◆ **Record extracts**:
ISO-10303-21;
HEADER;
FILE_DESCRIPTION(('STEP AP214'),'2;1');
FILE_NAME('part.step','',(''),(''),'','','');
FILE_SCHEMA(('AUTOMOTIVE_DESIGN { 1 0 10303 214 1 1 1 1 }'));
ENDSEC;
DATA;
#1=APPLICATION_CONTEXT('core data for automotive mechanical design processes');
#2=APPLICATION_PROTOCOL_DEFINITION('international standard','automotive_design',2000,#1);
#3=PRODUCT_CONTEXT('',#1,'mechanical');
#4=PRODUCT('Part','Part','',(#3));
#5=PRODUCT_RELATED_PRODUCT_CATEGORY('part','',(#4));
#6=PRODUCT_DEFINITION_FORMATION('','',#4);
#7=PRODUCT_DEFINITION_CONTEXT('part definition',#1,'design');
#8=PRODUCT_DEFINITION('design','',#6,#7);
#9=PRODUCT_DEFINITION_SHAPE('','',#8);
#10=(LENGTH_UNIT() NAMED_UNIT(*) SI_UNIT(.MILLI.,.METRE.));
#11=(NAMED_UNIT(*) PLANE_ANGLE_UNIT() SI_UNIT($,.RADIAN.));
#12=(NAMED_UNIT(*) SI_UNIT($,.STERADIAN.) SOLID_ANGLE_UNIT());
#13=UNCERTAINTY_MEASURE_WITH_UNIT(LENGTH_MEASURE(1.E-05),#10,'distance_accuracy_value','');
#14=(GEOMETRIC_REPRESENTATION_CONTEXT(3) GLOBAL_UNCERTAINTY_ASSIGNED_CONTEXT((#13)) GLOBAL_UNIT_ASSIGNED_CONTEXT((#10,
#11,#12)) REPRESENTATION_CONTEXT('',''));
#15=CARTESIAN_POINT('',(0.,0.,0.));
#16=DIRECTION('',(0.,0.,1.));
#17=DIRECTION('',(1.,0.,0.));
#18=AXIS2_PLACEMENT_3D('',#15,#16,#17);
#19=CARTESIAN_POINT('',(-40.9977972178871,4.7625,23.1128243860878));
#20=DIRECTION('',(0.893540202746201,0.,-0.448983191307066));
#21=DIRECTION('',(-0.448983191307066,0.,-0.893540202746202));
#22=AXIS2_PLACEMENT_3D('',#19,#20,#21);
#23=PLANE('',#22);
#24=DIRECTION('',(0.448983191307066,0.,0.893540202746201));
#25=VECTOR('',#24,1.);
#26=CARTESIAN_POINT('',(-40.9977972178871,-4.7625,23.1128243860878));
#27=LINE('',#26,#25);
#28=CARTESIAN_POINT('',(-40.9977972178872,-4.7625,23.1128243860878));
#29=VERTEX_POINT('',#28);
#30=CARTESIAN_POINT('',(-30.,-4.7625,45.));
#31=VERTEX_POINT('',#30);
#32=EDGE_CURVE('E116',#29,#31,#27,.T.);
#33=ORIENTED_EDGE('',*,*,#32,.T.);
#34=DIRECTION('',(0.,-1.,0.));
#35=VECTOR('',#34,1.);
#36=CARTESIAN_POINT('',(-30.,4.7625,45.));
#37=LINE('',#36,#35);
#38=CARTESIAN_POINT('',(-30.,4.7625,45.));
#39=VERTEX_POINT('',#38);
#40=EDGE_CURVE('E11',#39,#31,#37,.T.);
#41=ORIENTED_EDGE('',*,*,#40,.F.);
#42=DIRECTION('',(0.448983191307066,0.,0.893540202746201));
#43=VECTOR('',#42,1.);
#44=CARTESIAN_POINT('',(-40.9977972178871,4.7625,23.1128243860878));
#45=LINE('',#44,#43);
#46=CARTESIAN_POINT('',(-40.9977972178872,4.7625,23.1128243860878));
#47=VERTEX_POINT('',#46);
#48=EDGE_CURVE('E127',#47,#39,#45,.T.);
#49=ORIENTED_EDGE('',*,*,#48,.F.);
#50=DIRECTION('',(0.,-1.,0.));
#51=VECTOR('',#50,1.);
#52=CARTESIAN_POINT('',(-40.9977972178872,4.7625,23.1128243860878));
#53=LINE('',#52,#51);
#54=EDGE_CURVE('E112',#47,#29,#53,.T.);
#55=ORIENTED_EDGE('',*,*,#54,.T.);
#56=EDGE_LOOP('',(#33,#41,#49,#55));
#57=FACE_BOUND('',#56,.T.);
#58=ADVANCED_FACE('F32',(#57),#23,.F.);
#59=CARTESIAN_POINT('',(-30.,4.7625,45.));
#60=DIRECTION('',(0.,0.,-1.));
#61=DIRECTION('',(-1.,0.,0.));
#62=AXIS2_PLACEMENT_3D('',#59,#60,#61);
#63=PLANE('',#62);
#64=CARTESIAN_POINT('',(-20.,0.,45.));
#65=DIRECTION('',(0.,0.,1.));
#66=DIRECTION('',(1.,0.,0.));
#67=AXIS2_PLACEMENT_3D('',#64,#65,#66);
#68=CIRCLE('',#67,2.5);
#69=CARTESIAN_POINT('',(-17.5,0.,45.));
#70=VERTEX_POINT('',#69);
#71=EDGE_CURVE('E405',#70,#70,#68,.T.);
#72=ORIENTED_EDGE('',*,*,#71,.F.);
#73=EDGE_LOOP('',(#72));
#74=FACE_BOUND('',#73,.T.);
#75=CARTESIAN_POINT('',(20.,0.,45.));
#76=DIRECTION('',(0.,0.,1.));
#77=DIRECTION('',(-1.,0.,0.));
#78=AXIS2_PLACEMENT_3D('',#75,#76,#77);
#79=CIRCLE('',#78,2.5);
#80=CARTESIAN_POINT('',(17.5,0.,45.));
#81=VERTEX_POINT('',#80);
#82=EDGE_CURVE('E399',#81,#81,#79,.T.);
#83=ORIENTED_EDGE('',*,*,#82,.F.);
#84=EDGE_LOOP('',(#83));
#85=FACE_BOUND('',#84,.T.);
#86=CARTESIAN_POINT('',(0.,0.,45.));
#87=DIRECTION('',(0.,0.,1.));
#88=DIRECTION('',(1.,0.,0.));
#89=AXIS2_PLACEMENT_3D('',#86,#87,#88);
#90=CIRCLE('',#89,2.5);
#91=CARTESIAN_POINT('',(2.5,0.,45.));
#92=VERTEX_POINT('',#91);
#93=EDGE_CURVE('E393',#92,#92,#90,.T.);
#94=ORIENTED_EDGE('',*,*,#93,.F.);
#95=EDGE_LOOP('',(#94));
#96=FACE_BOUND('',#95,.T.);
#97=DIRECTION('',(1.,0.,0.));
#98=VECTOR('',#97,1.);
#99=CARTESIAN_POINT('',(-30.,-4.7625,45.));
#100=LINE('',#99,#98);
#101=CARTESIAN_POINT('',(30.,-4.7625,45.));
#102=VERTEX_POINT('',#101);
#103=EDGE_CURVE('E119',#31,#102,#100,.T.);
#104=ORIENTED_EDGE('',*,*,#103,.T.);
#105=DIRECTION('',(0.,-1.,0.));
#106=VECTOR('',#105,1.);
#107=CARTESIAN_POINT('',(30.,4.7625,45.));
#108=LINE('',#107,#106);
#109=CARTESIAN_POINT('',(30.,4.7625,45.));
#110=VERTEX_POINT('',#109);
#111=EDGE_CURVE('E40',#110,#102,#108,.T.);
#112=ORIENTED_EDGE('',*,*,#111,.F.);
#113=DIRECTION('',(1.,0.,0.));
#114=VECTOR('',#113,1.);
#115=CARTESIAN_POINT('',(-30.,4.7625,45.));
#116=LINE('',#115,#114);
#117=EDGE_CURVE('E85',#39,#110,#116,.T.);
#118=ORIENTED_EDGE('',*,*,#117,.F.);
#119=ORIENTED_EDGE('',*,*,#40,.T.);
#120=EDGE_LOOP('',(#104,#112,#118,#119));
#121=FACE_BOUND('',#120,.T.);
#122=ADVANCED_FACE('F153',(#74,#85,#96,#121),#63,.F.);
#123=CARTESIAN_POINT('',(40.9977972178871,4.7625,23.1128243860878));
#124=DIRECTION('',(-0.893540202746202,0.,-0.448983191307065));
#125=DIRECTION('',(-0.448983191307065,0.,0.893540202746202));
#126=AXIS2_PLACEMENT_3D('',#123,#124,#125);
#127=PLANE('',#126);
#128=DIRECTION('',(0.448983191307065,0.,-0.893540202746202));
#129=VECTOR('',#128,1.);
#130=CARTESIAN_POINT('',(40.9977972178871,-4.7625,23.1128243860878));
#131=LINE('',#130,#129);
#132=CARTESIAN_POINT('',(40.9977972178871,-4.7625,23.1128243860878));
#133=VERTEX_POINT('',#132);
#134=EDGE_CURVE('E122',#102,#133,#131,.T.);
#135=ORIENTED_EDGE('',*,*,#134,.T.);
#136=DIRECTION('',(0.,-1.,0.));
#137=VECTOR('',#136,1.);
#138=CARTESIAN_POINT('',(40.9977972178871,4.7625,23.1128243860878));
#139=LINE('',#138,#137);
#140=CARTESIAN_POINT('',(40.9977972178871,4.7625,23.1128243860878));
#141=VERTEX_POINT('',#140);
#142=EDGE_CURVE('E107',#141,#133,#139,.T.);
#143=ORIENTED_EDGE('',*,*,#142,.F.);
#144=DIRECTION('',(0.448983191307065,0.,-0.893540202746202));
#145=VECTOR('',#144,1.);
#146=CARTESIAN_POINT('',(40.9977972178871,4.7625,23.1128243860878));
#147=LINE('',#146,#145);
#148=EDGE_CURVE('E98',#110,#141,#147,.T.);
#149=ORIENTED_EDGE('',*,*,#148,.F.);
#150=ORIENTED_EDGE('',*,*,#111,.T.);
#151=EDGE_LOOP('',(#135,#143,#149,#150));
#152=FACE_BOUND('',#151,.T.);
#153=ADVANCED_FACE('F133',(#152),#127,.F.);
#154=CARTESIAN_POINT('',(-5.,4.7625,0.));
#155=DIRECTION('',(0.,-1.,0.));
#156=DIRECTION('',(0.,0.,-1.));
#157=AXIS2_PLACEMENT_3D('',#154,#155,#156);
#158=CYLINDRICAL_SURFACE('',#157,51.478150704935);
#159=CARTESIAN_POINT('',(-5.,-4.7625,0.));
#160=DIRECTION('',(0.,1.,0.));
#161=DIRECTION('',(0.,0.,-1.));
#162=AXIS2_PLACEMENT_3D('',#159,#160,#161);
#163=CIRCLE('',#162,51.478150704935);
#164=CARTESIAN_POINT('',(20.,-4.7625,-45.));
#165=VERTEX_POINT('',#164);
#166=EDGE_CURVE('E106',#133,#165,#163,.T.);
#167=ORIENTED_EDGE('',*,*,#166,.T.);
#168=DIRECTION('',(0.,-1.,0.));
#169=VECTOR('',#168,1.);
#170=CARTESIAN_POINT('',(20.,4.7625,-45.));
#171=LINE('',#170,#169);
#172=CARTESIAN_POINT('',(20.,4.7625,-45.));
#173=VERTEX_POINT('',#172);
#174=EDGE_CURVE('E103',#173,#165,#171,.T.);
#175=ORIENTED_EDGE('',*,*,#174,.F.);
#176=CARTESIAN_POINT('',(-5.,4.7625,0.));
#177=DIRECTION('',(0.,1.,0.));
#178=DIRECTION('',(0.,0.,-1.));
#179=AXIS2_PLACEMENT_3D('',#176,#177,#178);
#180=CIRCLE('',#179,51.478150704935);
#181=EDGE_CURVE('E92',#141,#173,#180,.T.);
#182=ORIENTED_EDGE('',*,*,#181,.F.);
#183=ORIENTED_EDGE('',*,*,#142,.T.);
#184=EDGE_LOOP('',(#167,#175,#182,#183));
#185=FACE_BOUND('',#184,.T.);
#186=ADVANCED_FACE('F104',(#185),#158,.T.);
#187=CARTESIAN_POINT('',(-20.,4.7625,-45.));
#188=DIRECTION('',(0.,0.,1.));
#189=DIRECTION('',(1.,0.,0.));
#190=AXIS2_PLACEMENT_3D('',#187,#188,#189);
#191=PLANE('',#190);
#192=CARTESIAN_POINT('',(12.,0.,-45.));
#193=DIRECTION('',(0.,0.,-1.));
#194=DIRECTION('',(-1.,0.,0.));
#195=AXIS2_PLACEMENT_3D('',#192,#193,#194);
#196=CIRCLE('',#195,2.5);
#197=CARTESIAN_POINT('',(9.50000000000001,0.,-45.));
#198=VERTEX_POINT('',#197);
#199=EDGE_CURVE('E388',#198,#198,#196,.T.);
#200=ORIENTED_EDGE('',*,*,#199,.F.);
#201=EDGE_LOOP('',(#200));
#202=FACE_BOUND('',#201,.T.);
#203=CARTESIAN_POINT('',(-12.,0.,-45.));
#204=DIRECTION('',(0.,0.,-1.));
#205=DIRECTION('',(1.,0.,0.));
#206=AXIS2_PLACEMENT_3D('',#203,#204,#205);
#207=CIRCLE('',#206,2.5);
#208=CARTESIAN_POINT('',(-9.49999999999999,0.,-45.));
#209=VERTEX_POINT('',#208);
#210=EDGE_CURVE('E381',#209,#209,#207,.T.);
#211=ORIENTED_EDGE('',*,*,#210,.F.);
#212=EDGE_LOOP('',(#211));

◆ **Exercise directions**: Look through the entries and return every line where "mechanical" appears.

◆ **Exercise result**:
#1=APPLICATION_CONTEXT('core data for automotive mechanical design processes');
#3=PRODUCT_CONTEXT('',#1,'mechanical');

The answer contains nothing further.